▸ Task requirements: Print only the lines below, from the very first to the one containing "matlab function oscillator1/Subsystem/MATLAB", exactly as they stand. Do not print pictures.

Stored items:
···

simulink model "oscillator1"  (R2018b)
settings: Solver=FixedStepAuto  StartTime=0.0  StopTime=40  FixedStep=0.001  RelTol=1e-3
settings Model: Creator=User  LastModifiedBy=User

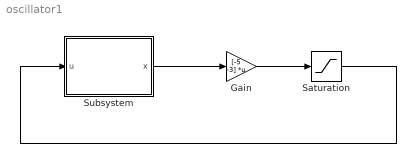
== system oscillator1 ==
  Gain : Gain  Gain=[-5 -3]  Multiplication=Matrix(K*u)
  Saturation : Saturate  UpperLimit=1  LowerLimit=-1
  Subsystem : Subsystem
  wires:
  Subsystem/1(x) -> Gain/1
  Gain/1 -> Saturation/1
  Saturation/1 -> Subsystem/1(u)

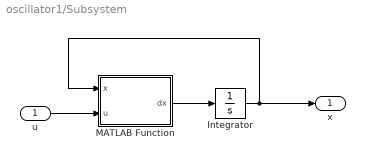
== system oscillator1/Subsystem ==
  u : Inport
  Integrator : Integrator  InitialCondition=[0;1]
  MATLAB Function : MATLAB Function  TreatAsAtomicUnit=on
  x : Outport
  wires:
  Integrator/1 -> x/1, MATLAB Function/1(x)
  MATLAB Function/1(dx) -> Integrator/1
  u/1 -> MATLAB Function/2(u)

== matlab function oscillator1/Subsystem/MATLAB Function ==
  data: x input; u input; dx output
function dx = fcn(x,u)
x1=x(1);
x2=x(2);
dx=[x1+x2-x1*(x1^2+x2^2);
    -x1+x2-x2*(x1^2+x2^2)+u];
end
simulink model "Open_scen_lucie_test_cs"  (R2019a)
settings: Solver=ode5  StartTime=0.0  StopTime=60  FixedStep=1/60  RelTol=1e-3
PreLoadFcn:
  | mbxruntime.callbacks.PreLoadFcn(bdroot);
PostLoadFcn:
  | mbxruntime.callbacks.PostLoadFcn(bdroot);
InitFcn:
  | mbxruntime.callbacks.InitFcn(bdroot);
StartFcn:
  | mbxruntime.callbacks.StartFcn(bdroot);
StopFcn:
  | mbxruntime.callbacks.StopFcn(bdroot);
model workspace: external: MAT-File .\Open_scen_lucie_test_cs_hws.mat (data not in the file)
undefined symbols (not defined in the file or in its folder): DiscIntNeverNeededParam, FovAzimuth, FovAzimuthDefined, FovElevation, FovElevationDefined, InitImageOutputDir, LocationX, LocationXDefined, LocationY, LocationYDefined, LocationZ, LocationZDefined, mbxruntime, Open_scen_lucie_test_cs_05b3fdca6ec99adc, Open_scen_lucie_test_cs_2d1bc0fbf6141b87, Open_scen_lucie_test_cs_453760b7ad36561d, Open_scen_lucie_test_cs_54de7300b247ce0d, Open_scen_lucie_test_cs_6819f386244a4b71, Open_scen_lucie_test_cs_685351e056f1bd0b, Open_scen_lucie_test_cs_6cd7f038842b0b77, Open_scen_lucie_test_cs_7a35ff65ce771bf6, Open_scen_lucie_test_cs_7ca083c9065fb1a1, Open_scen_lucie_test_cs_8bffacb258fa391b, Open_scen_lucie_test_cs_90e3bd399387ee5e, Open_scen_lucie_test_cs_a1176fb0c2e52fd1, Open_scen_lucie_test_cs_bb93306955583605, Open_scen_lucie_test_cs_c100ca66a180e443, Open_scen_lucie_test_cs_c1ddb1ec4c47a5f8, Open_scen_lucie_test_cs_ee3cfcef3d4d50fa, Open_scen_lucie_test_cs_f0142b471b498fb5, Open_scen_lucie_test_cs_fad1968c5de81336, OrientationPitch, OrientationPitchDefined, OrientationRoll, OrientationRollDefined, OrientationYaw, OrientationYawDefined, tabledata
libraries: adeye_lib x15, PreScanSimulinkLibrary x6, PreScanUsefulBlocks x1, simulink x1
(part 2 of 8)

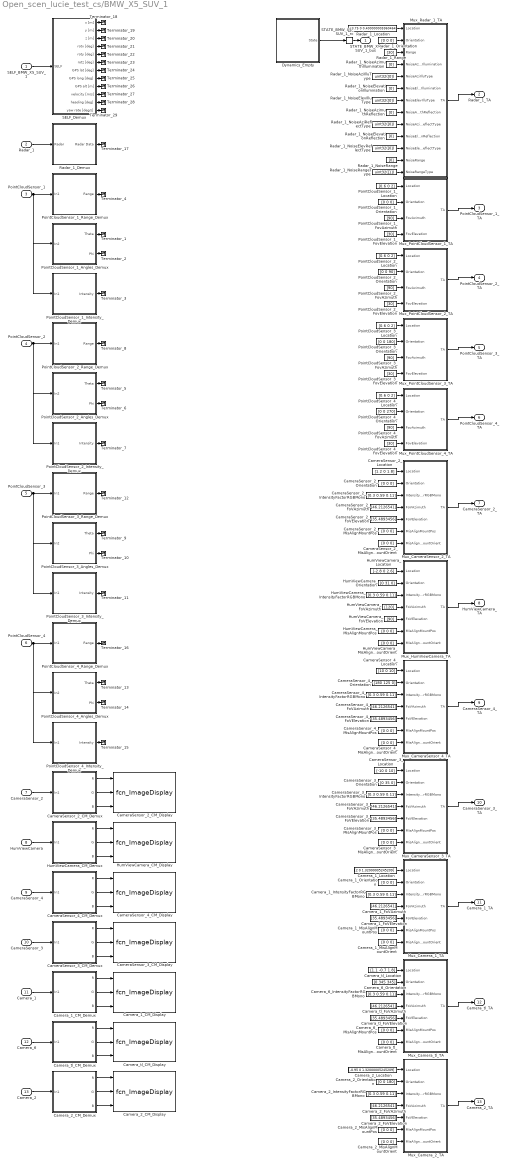
== system Open_scen_lucie_test_cs/BMW_X5_SUV_1 ==
  SELF_BMW_X5_SUV_1 : Inport  Tag=inport/SelfPort  OutDataTypeStr=Bus: PRESCAN_SELFSENSORDATA  PortDimensions=1  SampleTime=1/60  BusOutputAsStruct=on
  Radar_1 : Inport  Tag=inport/Radar  Port=2  OutDataTypeStr=Bus: PRESCAN_SCANNERSENSOR_MESSAGE  PortDimensions=7  SampleTime=1/20  BusOutputAsStruct=on
  PointCloudSensor_1 : Inport  Tag=inport/PointCloudInport  Port=3  OutDataTypeStr=single  SampleTime=1/20  BusOutputAsStruct=on
  PointCloudSensor_2 : Inport  Tag=inport/PointCloudInport  Port=4  OutDataTypeStr=single  SampleTime=1/20  BusOutputAsStruct=on
  PointCloudSensor_3 : Inport  Tag=inport/PointCloudInport  Port=5  OutDataTypeStr=single  SampleTime=1/20  BusOutputAsStruct=on
  PointCloudSensor_4 : Inport  Tag=inport/PointCloudInport  Port=6  OutDataTypeStr=single  SampleTime=1/20  BusOutputAsStruct=on
  CameraSensor_2 : Inport  Tag=inport/Camera/CameraSensor  Port=7  OutDataTypeStr=uint8  SampleTime=1/20  BusOutputAsStruct=on
  HumViewCamera : Inport  Tag=inport/Camera/CameraSensor  Port=8  OutDataTypeStr=uint8  SampleTime=1/60  BusOutputAsStruct=on
  CameraSensor_4 : Inport  Tag=inport/Camera/CameraSensor  Port=9  OutDataTypeStr=uint8  SampleTime=1/20  BusOutputAsStruct=on
  CameraSensor_3 : Inport  Tag=inport/Camera/CameraSensor  Port=10  OutDataTypeStr=uint8  SampleTime=1/20  BusOutputAsStruct=on
  Camera_1 : Inport  Tag=inport/Camera/CameraSensor  Port=11  OutDataTypeStr=uint8  SampleTime=1/20  BusOutputAsStruct=on
  Camera_tl : Inport  Tag=inport/Camera/CameraSensor  Port=12  OutDataTypeStr=uint8  SampleTime=1/20  BusOutputAsStruct=on
  Camera_2 : Inport  Tag=inport/Camera/CameraSensor  Port=13  OutDataTypeStr=uint8  SampleTime=1/20  BusOutputAsStruct=on
  CameraSensor_2_CM_Demux : Subsystem  Tag=demux/Camera/Color  mask{SensorName=CameraSensor_2, hres=960, vres=720}
      mask prompts: SensorName "Sensor Name"; hres "Horizontal Resolution"; vres "Vertical Resolution"
      mask Help: eval('openHelp(457)')
      mask Display:
      | fprintf('MONO CAMERA:\n Color\n %s \n %d x %d px',SensorName,hres,vres)
      | port_label('output',1,'R')
      | port_label('output',2,'G')
      | port_label('output',3,'B')
  CameraSensor_2_CM_Display : M-S-Function  Tag=CameraSensor_Color_Display  InitFcn=InitImageOutputDir(gcb);  FunctionName=fcn_ImageDisplay  Parameters=SensorName EnableDisplay EnablePosition DisplayPosition FigureHandle SaveResults BitmapFormat TempOutputDir CameraType DataType  mask(PreScan Color Display Block){SensorName=CameraSensor_2, EnableDisplay=on, EnablePosition=off, DisplayPosition=[10 10 960 720], FigureHandle=40605, SaveResults=off, Format=PNG, TempOutputDir=0, CameraType=Mono, DataType=uint8}
      mask prompts: SensorName "User Specified: Title of Display"; EnableDisplay "Active"; EnablePosition "Set Display window position"; DisplayPosition "Display window position [xpos ypos width height]"; FigureHandle "Unique Handle"; SaveResults "Save results"; TempOutputDir "OutputDir"; CameraType "Camera Type"; DataType "Image Data Type"
      mask help: This block displays the RGB output of a PreScan camera sensor.
      mask init:
      | if EnableDisplay
      |     EnableString='';
      |     EnableColor='gray';
      | else
      |     EnableString='INACTIVE';
      |     EnableColor='red';
      | end
      | switch Format
      |     case 1
      |         BitmapFormat = 'png';
      |     case 2
      |         BitmapFormat = 'bmp';
      |     case 3
      |         BitmapFormat = 'jpg';
      | end 
      | if CameraType==1
      |     CameraTypeName='MONO';
      |     PortNumber=0;
      | else
      |     CameraTypeName='STEREO';
      |     PortNumber=3;
      | end
      settings: CopyFcn=CopyFcnDisplay  DeleteFcn=PreScanBlockDeleteFcn;  ModelCloseFcn=fcn_ImageDisplay_ModelCloseFcn
      mask Help: eval('openHelp(457)')
      mask Callback EnablePosition:
      | MV=get_param(gcb,'MaskVisibilities');
      | if strcmp(get_param(gcb,'EnablePosition'),'on')
      |     MV{4}='on';
      | else
      |     MV{4}='off';
      | end
      | set_param(gcb,'MaskVisibilities',MV);
      | clear MV;
      mask TypeOptions Format: PNG | BMP | JPG
      mask TypeOptions CameraType: Mono | Stereo
      mask TypeOptions DataType: uint8 | single
      mask Display:
      | color(EnableColor);
      | fprintf('%s\n DISPLAY:\n Color \n %s',EnableString,SensorName)
      | port_label('input',1,'R')
      | port_label('input',2,'G')
      | port_label('input',3,'B')
      | port_label('input',PortNumber+1,'R')
      | port_label('input',PortNumber+2,'G')
      | port_label('input',PortNumber+3,'B')
  CameraSensor_2_FoVAzimuth : Constant  Tag=CameraSensor_2_FoVAzimuth  Value=[46.2126541]
  CameraSensor_2_FoVElevation : Constant  Tag=CameraSensor_2_FoVElevation  Value=[35.4893456]
  CameraSensor_2_IntensityFactorRGBMono : Constant  Tag=CameraSensor_2_IntensityFactorRGBMono  Value=[0.3 0.59 0.11]
  CameraSensor_2_Location : Constant  Tag=CameraSensor_2_Location  Value=[1.2 0 1.8]
  CameraSensor_2_MisAlignMountOrient : Constant  Tag=CameraSensor_2_MisAlignMountOrient  Value=[0 0 0]
  CameraSensor_2_MisAlignMountPos : Constant  Tag=CameraSensor_2_MisAlignMountPos  Value=[0 0 0]
  CameraSensor_2_Orientation : Constant  Tag=CameraSensor_2_Orientation  Value=[0 0 0]
  CameraSensor_3_CM_Demux : Subsystem  Tag=demux/Camera/Color  mask{SensorName=CameraSensor_3, hres=960, vres=720}
      mask prompts: SensorName "Sensor Name"; hres "Horizontal Resolution"; vres "Vertical Resolution"
      mask Help: eval('openHelp(457)')
      mask Display:
      | fprintf('MONO CAMERA:\n Color\n %s \n %d x %d px',SensorName,hres,vres)
      | port_label('output',1,'R')
      | port_label('output',2,'G')
      | port_label('output',3,'B')
  CameraSensor_3_CM_Display : M-S-Function  Tag=CameraSensor_Color_Display  InitFcn=InitImageOutputDir(gcb);  FunctionName=fcn_ImageDisplay  Parameters=SensorName EnableDisplay EnablePosition DisplayPosition FigureHandle SaveResults BitmapFormat TempOutputDir CameraType DataType  mask(PreScan Color Display Block){SensorName=CameraSensor_3, EnableDisplay=on, EnablePosition=off, DisplayPosition=[10 10 960 720], FigureHandle=40608, SaveResults=off, Format=PNG, TempOutputDir=0, CameraType=Mono, DataType=uint8}
      mask prompts: SensorName "User Specified: Title of Display"; EnableDisplay "Active"; EnablePosition "Set Display window position"; DisplayPosition "Display window position [xpos ypos width height]"; FigureHandle "Unique Handle"; SaveResults "Save results"; TempOutputDir "OutputDir"; CameraType "Camera Type"; DataType "Image Data Type"
      mask help: This block displays the RGB output of a PreScan camera sensor.
      mask init: same as Open_scen_lucie_test_cs/BMW_X5_SUV_1/CameraSensor_2_CM_Display
      settings: CopyFcn=CopyFcnDisplay  DeleteFcn=PreScanBlockDeleteFcn;  ModelCloseFcn=fcn_ImageDisplay_ModelCloseFcn
      mask Help: eval('openHelp(457)')
      mask Callback EnablePosition:
      | MV=get_param(gcb,'MaskVisibilities');
      | if strcmp(get_param(gcb,'EnablePosition'),'on')
      |     MV{4}='on';
      | else
      |     MV{4}='off';
      | end
      | set_param(gcb,'MaskVisibilities',MV);
      | clear MV;
      mask TypeOptions Format: PNG | BMP | JPG
      mask TypeOptions CameraType: Mono | Stereo
      mask TypeOptions DataType: uint8 | single
      mask Display:
      | color(EnableColor);
      | fprintf('%s\n DISPLAY:\n Color \n %s',EnableString,SensorName)
      | port_label('input',1,'R')
      | port_label('input',2,'G')
      | port_label('input',3,'B')
      | port_label('input',PortNumber+1,'R')
      | port_label('input',PortNumber+2,'G')
      | port_label('input',PortNumber+3,'B')
  CameraSensor_3_FoVAzimuth : Constant  Tag=CameraSensor_3_FoVAzimuth  Value=[46.2126541]
  CameraSensor_3_FoVElevation : Constant  Tag=CameraSensor_3_FoVElevation  Value=[35.4893456]
  CameraSensor_3_IntensityFactorRGBMono : Constant  Tag=CameraSensor_3_IntensityFactorRGBMono  Value=[0.3 0.59 0.11]
  CameraSensor_3_Location : Constant  Tag=CameraSensor_3_Location  Value=[-10 0 10]
  CameraSensor_3_MisAlignMountOrient : Constant  Tag=CameraSensor_3_MisAlignMountOrient  Value=[0 0 0]
  CameraSensor_3_MisAlignMountPos : Constant  Tag=CameraSensor_3_MisAlignMountPos  Value=[0 0 0]
  CameraSensor_3_Orientation : Constant  Tag=CameraSensor_3_Orientation  Value=[0 35 0]
  CameraSensor_4_CM_Demux : Subsystem  Tag=demux/Camera/Color  mask{SensorName=CameraSensor_4, hres=960, vres=720}
      mask prompts: SensorName "Sensor Name"; hres "Horizontal Resolution"; vres "Vertical Resolution"
      mask Help: eval('openHelp(457)')
      mask Display:
      | fprintf('MONO CAMERA:\n Color\n %s \n %d x %d px',SensorName,hres,vres)
      | port_label('output',1,'R')
      | port_label('output',2,'G')
      | port_label('output',3,'B')
  CameraSensor_4_CM_Display : M-S-Function  Tag=CameraSensor_Color_Display  InitFcn=InitImageOutputDir(gcb);  FunctionName=fcn_ImageDisplay  Parameters=SensorName EnableDisplay EnablePosition DisplayPosition FigureHandle SaveResults BitmapFormat TempOutputDir CameraType DataType  mask(PreScan Color Display Block){SensorName=CameraSensor_4, EnableDisplay=on, EnablePosition=off, DisplayPosition=[10 10 960 720], FigureHandle=40607, SaveResults=off, Format=PNG, TempOutputDir=0, CameraType=Mono, DataType=uint8}
      mask prompts: SensorName "User Specified: Title of Display"; EnableDisplay "Active"; EnablePosition "Set Display window position"; DisplayPosition "Display window position [xpos ypos width height]"; FigureHandle "Unique Handle"; SaveResults "Save results"; TempOutputDir "OutputDir"; CameraType "Camera Type"; DataType "Image Data Type"
      mask help: This block displays the RGB output of a PreScan camera sensor.
      mask init: same as Open_scen_lucie_test_cs/BMW_X5_SUV_1/CameraSensor_2_CM_Display
      settings: CopyFcn=CopyFcnDisplay  DeleteFcn=PreScanBlockDeleteFcn;  ModelCloseFcn=fcn_ImageDisplay_ModelCloseFcn
      mask Help: eval('openHelp(457)')
      mask Callback EnablePosition:
      | MV=get_param(gcb,'MaskVisibilities');
      | if strcmp(get_param(gcb,'EnablePosition'),'on')
      |     MV{4}='on';
      | else
      |     MV{4}='off';
      | end
      | set_param(gcb,'MaskVisibilities',MV);
      | clear MV;
      mask TypeOptions Format: PNG | BMP | JPG
      mask TypeOptions CameraType: Mono | Stereo
      mask TypeOptions DataType: uint8 | single
      mask Display:
      | color(EnableColor);
      | fprintf('%s\n DISPLAY:\n Color \n %s',EnableString,SensorName)
      | port_label('input',1,'R')
      | port_label('input',2,'G')
      | port_label('input',3,'B')
      | port_label('input',PortNumber+1,'R')
      | port_label('input',PortNumber+2,'G')
      | port_label('input',PortNumber+3,'B')
  CameraSensor_4_FoVAzimuth : Constant  Tag=CameraSensor_4_FoVAzimuth  Value=[46.2126541]
  CameraSensor_4_FoVElevation : Constant  Tag=CameraSensor_4_FoVElevation  Value=[35.4893456]
  CameraSensor_4_IntensityFactorRGBMono : Constant  Tag=CameraSensor_4_IntensityFactorRGBMono  Value=[0.3 0.59 0.11]
  CameraSensor_4_Location : Constant  Tag=CameraSensor_4_Location  Value=[10 0 10]
  CameraSensor_4_MisAlignMountOrient : Constant  Tag=CameraSensor_4_MisAlignMountOrient  Value=[0 0 0]
  CameraSensor_4_MisAlignMountPos : Constant  Tag=CameraSensor_4_MisAlignMountPos  Value=[0 0 0]
  CameraSensor_4_Orientation : Constant  Tag=CameraSensor_4_Orientation  Value=[180 125 0]
  Camera_1_CM_Demux : Subsystem  Tag=demux/Camera/Color  mask{SensorName=Camera_1, hres=960, vres=720}
      mask prompts: SensorName "Sensor Name"; hres "Horizontal Resolution"; vres "Vertical Resolution"
      mask Help: eval('openHelp(457)')
      mask Display:
      | fprintf('MONO CAMERA:\n Color\n %s \n %d x %d px',SensorName,hres,vres)
      | port_label('output',1,'R')
      | port_label('output',2,'G')
      | port_label('output',3,'B')
  Camera_1_CM_Display : M-S-Function  Tag=CameraSensor_Color_Display  InitFcn=InitImageOutputDir(gcb);  FunctionName=fcn_ImageDisplay  Parameters=SensorName EnableDisplay EnablePosition DisplayPosition FigureHandle SaveResults BitmapFormat TempOutputDir CameraType DataType  mask(PreScan Color Display Block){SensorName=Camera_1, EnableDisplay=on, EnablePosition=off, DisplayPosition=[10 10 960 720], FigureHandle=40609, SaveResults=off, Format=PNG, TempOutputDir=0, CameraType=Mono, DataType=uint8}
      mask prompts: SensorName "User Specified: Title of Display"; EnableDisplay "Active"; EnablePosition "Set Display window position"; DisplayPosition "Display window position [xpos ypos width height]"; FigureHandle "Unique Handle"; SaveResults "Save results"; TempOutputDir "OutputDir"; CameraType "Camera Type"; DataType "Image Data Type"
      mask help: This block displays the RGB output of a PreScan camera sensor.
      mask init: same as Open_scen_lucie_test_cs/BMW_X5_SUV_1/CameraSensor_2_CM_Display
      settings: CopyFcn=CopyFcnDisplay  DeleteFcn=PreScanBlockDeleteFcn;  ModelCloseFcn=fcn_ImageDisplay_ModelCloseFcn
      mask Help: eval('openHelp(457)')
      mask Callback EnablePosition:
      | MV=get_param(gcb,'MaskVisibilities');
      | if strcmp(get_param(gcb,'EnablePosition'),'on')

···

▸ Result of the exercise:
simulink model "oscillator1"  (R2018b)
settings: Solver=FixedStepAuto  StartTime=0.0  StopTime=40  FixedStep=0.001  RelTol=1e-3
settings Model: Creator=User  LastModifiedBy=User

== system oscillator1 ==
  Gain : Gain  Gain=[-5 -3]  Multiplication=Matrix(K*u)
  Saturation : Saturate  UpperLimit=1  LowerLimit=-1
  Subsystem : Subsystem
  wires:
  Subsystem/1(x) -> Gain/1
  Gain/1 -> Saturation/1
  Saturation/1 -> Subsystem/1(u)

== system oscillator1/Subsystem ==
  u : Inport
  Integrator : Integrator  InitialCondition=[0;1]
  MATLAB Function : MATLAB Function  TreatAsAtomicUnit=on
  x : Outport
  wires:
  Integrator/1 -> x/1, MATLAB Function/1(x)
  MATLAB Function/1(dx) -> Integrator/1
  u/1 -> MATLAB Function/2(u)

== matlab function oscillator1/Subsystem/MATLAB Function ==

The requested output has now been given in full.